Q: How have you responded to it in the past, present, day-to-day, various events?
McIlwain: After a race, you’ll often see me on the ground looking faint and needing assistance. These are the moments where my running anxiety is so visible. My body is literally releasing all of the anxious energy I had pent up before the race while I catch my breath from the race itself. It’s hard for my parents to watch me run because the end is so hard for them to be present for, but it’s such a visible representation of how much emotion is stuffed into every race. Often I just need a moment to breathe and gather my thoughts, though most people offer to get me medical help.
Q: How do you strike (attempt to strike?) a balance between your sport and personal interests outside of your sport?
McIlwain: I run in the mornings so that I can have my evenings free for myself. I often find that running early is tough on my legs, but allows me to focus on myself and other interests in the evening. I can make more elaborate meals, get into bed an hour early to read (this has been my go-to for the last month or so), bake breakfast muffins for the following morning, read news articles, or just watch Netflix and eat first dinner and often second dinner (I’m patiently waiting for the release of the Crown and Grey’s Anatomy).
Q: What are hobbies, activities, and interests of yours outside of your sport that provide you with respite from the stressors of your sport and life generally? Where, in what, in whom, how do you find peace?
McIlwain: I think it is healthy to have passions that are outside of the realm of running, though it is challenging to balance. I love to read, keep myself informed with the news, bake, and spend time with my beloved cat, Rosie. No matter what I am doing though, I find that my most relaxed moments are those spent alongside my cat. It has been said that animals can offer a sort of escape from reality and allow for a moment of mindfulness when their immediate needs and wants surpass your own. Every time she comes over for a nudge, or wrongly jumps on the counter, Rosie helps bring me back to the present. No matter what we do together, whether we are watching Netflix together, reading together, taking a nap, or working (I am working, Rosie is jumping on the keyboard), if my attention is on her, I’m not focused on the splits for my next workout, the what-if’s around twinges or tweaks I might be feeling, or the bigger picture of what I want out of my career.

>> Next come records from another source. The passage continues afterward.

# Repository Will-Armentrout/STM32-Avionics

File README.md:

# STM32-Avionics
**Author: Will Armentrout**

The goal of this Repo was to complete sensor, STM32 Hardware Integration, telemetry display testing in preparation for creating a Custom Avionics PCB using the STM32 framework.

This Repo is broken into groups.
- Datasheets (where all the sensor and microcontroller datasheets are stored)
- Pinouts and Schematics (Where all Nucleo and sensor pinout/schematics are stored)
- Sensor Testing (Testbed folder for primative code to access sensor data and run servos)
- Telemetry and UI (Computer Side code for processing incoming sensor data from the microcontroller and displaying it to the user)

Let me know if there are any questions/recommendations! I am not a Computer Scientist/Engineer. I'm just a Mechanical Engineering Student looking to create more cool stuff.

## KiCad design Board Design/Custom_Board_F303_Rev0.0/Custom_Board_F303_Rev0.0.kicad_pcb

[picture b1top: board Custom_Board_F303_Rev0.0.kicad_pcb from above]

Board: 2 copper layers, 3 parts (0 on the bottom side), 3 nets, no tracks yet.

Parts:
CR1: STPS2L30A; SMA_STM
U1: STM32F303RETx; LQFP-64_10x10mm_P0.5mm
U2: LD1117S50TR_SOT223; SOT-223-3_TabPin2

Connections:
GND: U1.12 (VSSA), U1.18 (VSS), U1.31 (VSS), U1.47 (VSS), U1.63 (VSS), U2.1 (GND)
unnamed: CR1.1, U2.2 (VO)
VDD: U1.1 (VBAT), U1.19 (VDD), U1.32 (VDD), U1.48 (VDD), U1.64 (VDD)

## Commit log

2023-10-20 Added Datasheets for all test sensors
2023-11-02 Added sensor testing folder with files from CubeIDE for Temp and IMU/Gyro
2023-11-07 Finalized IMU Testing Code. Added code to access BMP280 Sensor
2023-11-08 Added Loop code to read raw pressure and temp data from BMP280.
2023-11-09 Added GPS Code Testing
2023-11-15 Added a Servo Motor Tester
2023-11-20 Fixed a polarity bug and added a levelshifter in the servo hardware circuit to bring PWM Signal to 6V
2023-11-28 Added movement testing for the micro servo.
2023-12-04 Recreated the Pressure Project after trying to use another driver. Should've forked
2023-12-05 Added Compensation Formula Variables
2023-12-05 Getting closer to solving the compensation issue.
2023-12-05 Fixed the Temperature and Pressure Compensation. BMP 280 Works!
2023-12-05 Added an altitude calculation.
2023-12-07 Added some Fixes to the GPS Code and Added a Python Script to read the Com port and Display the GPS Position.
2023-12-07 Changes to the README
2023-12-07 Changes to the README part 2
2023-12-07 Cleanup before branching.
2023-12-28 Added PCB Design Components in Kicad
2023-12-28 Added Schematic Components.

I’m also a passionate baker (and Rosie is passionate about watching the rolling pin). I especially love to make bread. Bread is a complicated baked good to make, and the lengthy and precise process offers a challenge outside of sports that cannot be measured by objective values like splits, distance, or PRs. I can even fulfill my sense of competition by asking people around me to try my bread loaves and decide whether or not the fig hazelnut loaf tasted better than the honey whole wheat loaf from the week before.
From baking to birding to quiet afternoons with plants, athletes’ methods for recharging their seemingly inexhaustible batteries play crucial rolls in their lives and overall well-being. Thank you, Michael, Tori, and Caitlin, for your candor in sharing how each of you recharge, how you strike a balance between sport and self.